ダメだと知っていることをやっている雰囲気を出しましょう。

 大人になってもダメだと言われている事ほどやりたくなってしまいますよね。

 「ぜったいにあけちゃダメ?」は、そんな人間の心理をくすぐるような絵本になっているので、読み方もまるで悪いことをしているような感じで読むと、読み手と聞き手だけの秘密のような雰囲気が出て楽しくなります。
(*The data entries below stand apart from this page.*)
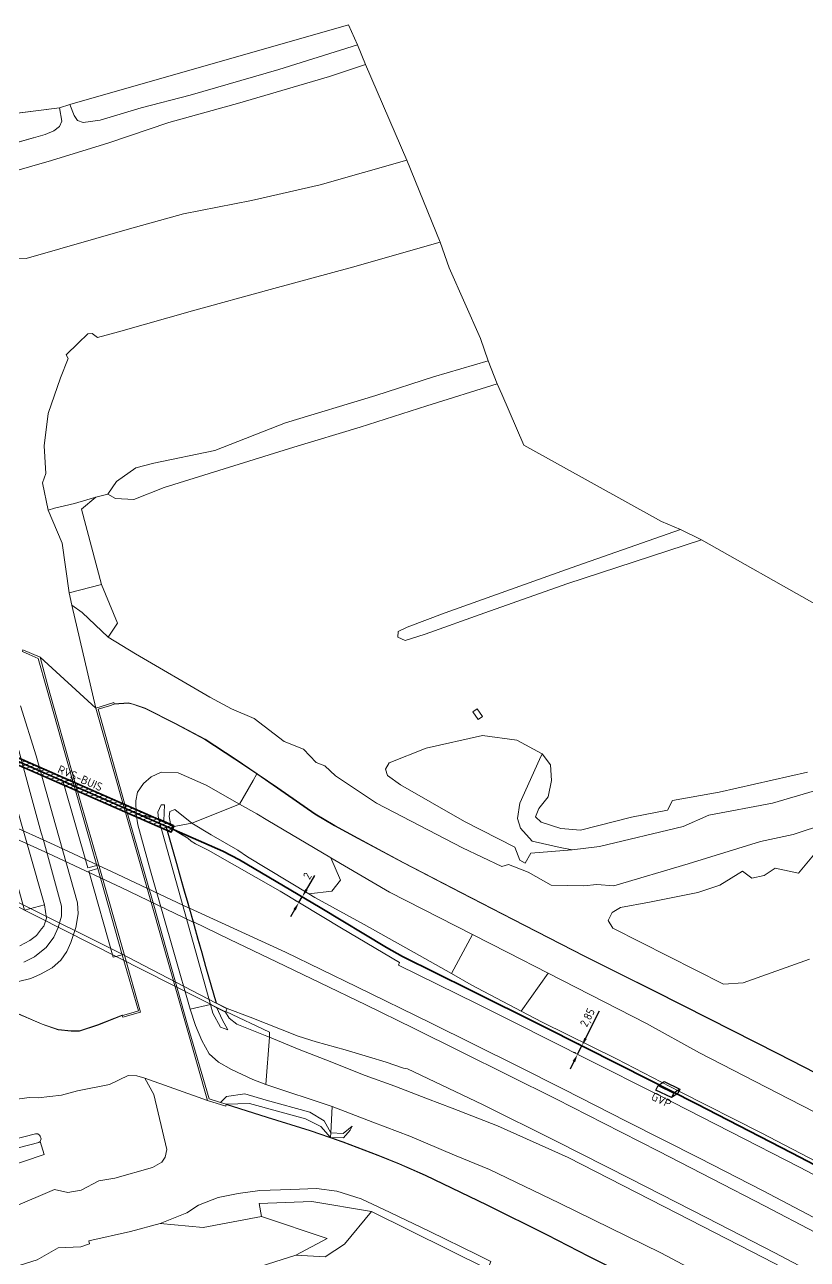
# Model space of a CAD drawing. Header units: metres. Extents: x 112942 to 118371, y 496117 to 499046.
# Drawn here: x 113767.1 to 114003.4, y 498283.9 to 498656.9 of the extents above; entities that cross this region are included whole.
import ezdxf
from ezdxf.enums import TextEntityAlignment as Align

# ---------------------------------------------------------------- set-up
doc = ezdxf.new("R2010")
doc.units = ezdxf.units.M
for name, color, linetype, lineweight in [('B-WE-OG-TOPOKAART-G', 7, 'Continuous', 18), ('N-WE-KL-DATA-T18', 1, 'Continuous', 18), ('N-WE-KL-DATA-T25', 7, 'Continuous', 25), ('N-WE-KL-DATA_GLASVEZEL-G', 90, 'KL-GLASVEZEL-N', 35), ('N-WE-KL-DATA_GLASVEZEL-M', 7, 'Continuous', 18), ('N-WE-KL-DATA_GLASVEZEL_KAST_PUTKAST-S', 90, 'Continuous', 25), ('N-WE-KL-DATA_KABELGOOT-A', 92, 'Continuous', 18), ('N-WE-KL-DATA_KABELGOOT-G', 90, 'Continuous', 35), ('N-WE-KL-DATA_KABELGOOT-T25', 7, 'Continuous', 25)]:
    doc.layers.add(name, color=color, linetype=linetype, lineweight=lineweight)
doc.styles.add('ISO', font='isocp.shx')
doc.styles.add('NLCS-ISO', font='NLCS-ISO.ttf')
doc.styles.add('NLCS-ISO-T25', font='NLCS-ISO.ttf', dxfattribs={"height": 2.5})
doc.linetypes.add('KL-GLASVEZEL-N', pattern='A,4,-1,[101,NLCS.SHX,S=0.5,R=0,X=0,Y=0],-1,4,-1,["G",Standard,S=1,R=0,X=-0.25,Y=-0.5],-1.5', length=12.5)
doc.dimstyles.new('ISO', dxfattribs={"dimtxt": 2.5, "dimasz": 2.5, "dimexe": 1.25, "dimexo": 0.625, "dimtad": 1, "dimtxsty": 'ISO', "dimcen": 2.5, "dimadec": 0, "dimazin": 0, "dimtfac": 1, "dimtmove": 0, "dimatfit": 3, "dimfxl": 0, "dimarcsym": 0})

# ---------------------------------------------------------------- blocks, each defined once
blk = doc.blocks.new('*D59')
at = {"layer": 'Defpoints', "color": 0, "transparency": 16777216}
for p in [(113935.29, 498348.4), (113935.29, 498348.4), (113934.01, 498345.85)]:
    blk.add_point(p, dxfattribs=at)
at = {"layer": 'N-WE-KL-DATA_GLASVEZEL-M', "color": 0, "lineweight": -2, "transparency": 16777216}
for p, q in [((113936.42, 498350.63), (113940.59, 498358.93)), ((113933.45, 498346.14), (113932.89, 498346.42)), ((113934.01, 498345.85), (113935.29, 498348.4)), ((113934.73, 498348.68), (113934.17, 498348.96)), ((113932.88, 498343.62), (113931.76, 498341.39))]:
    blk.add_line(p, q, dxfattribs=at)
at = {"layer": 'N-WE-KL-DATA_GLASVEZEL-M', "color": 0, "transparency": 16777216}
for points in [[(113936.04, 498350.82), (113936.79, 498350.45), (113935.29, 498348.4)], [(113932.51, 498343.81), (113933.26, 498343.43), (113934.01, 498345.85)]]:
    blk.add_solid(points, dxfattribs=at)
at = {"layer": 'N-WE-KL-DATA_GLASVEZEL-M', "color": 0, "transparency": 16777216, "insert": (113937.22, 498356.83), "char_height": 2.5, "attachment_point": 5, "rotation": 63.2704, "style": 'ISO'}
blk.add_mtext('2,85', dxfattribs=at)
blk = doc.blocks.new('*D60')
at = {"layer": 'Defpoints', "color": 0, "transparency": 16777216}
for p in [(113849.86, 498391.68), (113850.87, 498393.4), (113850.87, 498393.4)]:
    blk.add_point(p, dxfattribs=at)
at = {"layer": 'N-WE-KL-DATA_GLASVEZEL-M', "color": 0, "lineweight": -2, "transparency": 16777216}
for p, q in [((113852.14, 498395.56), (113854.66, 498399.83)), ((113849.32, 498392), (113848.78, 498392.31)), ((113850.33, 498393.72), (113849.79, 498394.04)), ((113849.86, 498391.68), (113850.87, 498393.4)), ((113848.59, 498389.53), (113847.32, 498387.37))]:
    blk.add_line(p, q, dxfattribs=at)
at = {"layer": 'N-WE-KL-DATA_GLASVEZEL-M', "color": 0, "transparency": 16777216}
for points in [[(113851.78, 498395.77), (113852.5, 498395.34), (113850.87, 498393.4)], [(113848.23, 498389.74), (113848.94, 498389.31), (113849.86, 498391.68)]]:
    blk.add_solid(points, dxfattribs=at)
at = {"layer": 'N-WE-KL-DATA_GLASVEZEL-M', "color": 0, "transparency": 16777216, "insert": (113852.42, 498399.72), "char_height": 2.5, "attachment_point": 5, "rotation": 59.4709, "style": 'ISO'}
blk.add_mtext('2', dxfattribs=at)
blk = doc.blocks.new('SKL-DATA_GLASVEZEL_GLASVEZELKABELPUT_RECHTHOEKIG')
at = {"color": 0, "linetype": 'ByBlock'}
for points in [[(-3.2, -0.97), (-2.07, 0.97), (3.18, 0.97), (2.05, -0.97)], [(3.18, 0.97), (3.18, -0.53), (2.05, -2.47)], [(-3.2, -0.97), (2.05, -0.97), (2.05, -2.47), (-3.2, -2.47), (-3.2, -0.97)]]:
    blk.add_lwpolyline(points, dxfattribs=at)
at = {"layer": 'N-WE-KL-DATA-T18', "linetype": 'ByBlock', "style": 'NLCS-ISO', "flags": 1}
for tag, p in [('OMSCHRIJVING_LEGENDA', (-0.01, -8.43)), ('LOCATIE', (-0.01, -12.22)), ('TYPE_HANDHOLE', (-0.01, -16)), ('TYPE_GCO', (-0.01, -19.78)), ('BPS-CODERING', (-0.01, -23.57)), ('POSITIE_X', (-0.01, -27.35)), ('POSITIE_Y', (-0.01, -31.14)), ('OVERIGE_OPMERKING(EN)_1', (-0.01, -34.92)), ('OVERIGE_OPMERKING(EN)_2', (-0.01, -38.71))]:
    blk.add_attdef(tag, p, '', height=1.8, dxfattribs=at)
at = {"layer": 'N-WE-KL-DATA-T25', "linetype": 'ByBlock', "style": 'NLCS-ISO'}
blk.add_attdef('TYPE_SYMBOOL', text='', height=2.5, dxfattribs=at).set_placement((15.9, -0.24), align=Align.MIDDLE_CENTER)

msp = doc.modelspace()

# ---------------------------------------------------------------- hatches: boundary and pattern name
at = {"layer": 'N-WE-KL-DATA_KABELGOOT-A'}
h = msp.add_hatch(dxfattribs=at)
h.set_pattern_fill('ANSI31', color=256, scale=0.35, style=0)
h.set_pattern_definition([(20, (113280.6995, 498011.3601), (-0.3800699, 1.0442334), [])])
h.paths.add_polyline_path([(113747.207, 498441.003), (113811.343, 498412.959), (113812.144, 498414.791), (113748.008, 498442.836)])

# ---------------------------------------------------------------- linework, layer by layer
at = {"layer": 'B-WE-OG-TOPOKAART-G', "elevation": -0.717}
msp.add_lwpolyline([(113902.361, 498449.275), (113904, 498446.945), (113905.343, 498447.89), (113903.705, 498450.22), (113902.361, 498449.275)], close=True, dxfattribs=at)
at = {"layer": 'B-WE-OG-TOPOKAART-G'}
for points in [[(113780.733, 498632.731, -1.058), (113864.888, 498656.853, -1), (113867.587, 498650.819, -1.107), (113843.864, 498643.347, -1.11), (113817.052, 498635.599, -1.113), (113802.263, 498631.714, -1.122), (113789.864, 498628.006, -1.133), (113784.758, 498627.322, -1.133), (113783.062, 498627.936, -1.133), (113781.989, 498629.39, -1.119), (113780.733, 498632.731, -1.058)], [(113759.122, 498619.641, -1.041), (113773.251, 498623.682, -1.052), (113775.932, 498624.766, -1.052), (113777.628, 498626.116, -1.052), (113778.262, 498627.754, -1.044), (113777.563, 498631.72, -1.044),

 例えば「リボンだけなら いいよね」という一文は、こそこそ話をしているような声の大きさで、手も口元に添えることで内緒のことを共有している感覚が生まれます。

 後半になるにつれて、ダメなことをしている雰囲気を出してみましょう。

まとめ・Ryuの感想

悪いことをしている楽しさを感じることができる絵本です。

 ダメだと言われていることをしてしまう背徳感やスリルを通じて、ドキドキを楽しめる絵本となっています。

 大人も誰しもが持っているこの感覚は、子どもも同じく持っています。

 この絵本を読んだ時は、「ダメだよー!」と言っている子も先が気になって仕方がない様子が見られたり、「ちょっとだけならいいんじゃない?」と、主人公ラリーの口車に乗せられたりで、子どもの葛藤が見られました。

 また、クリスマスを題材とした絵本となっていますが、個人的には聞き手と読み手とのコミュニケーションのツールとして素晴らしい絵本だと思っております。

 聞き手が参加しやすい文で構成されていたり、秘密を共有することで生まれる一体感などを絵本を通じて得ることができます。

 絵本の量も多くないので、普段コミュニケーションを取る時間があまりない方でも、この絵本を読むことで短い時間で、多くの心の触れ合いを感じることができるでしょう。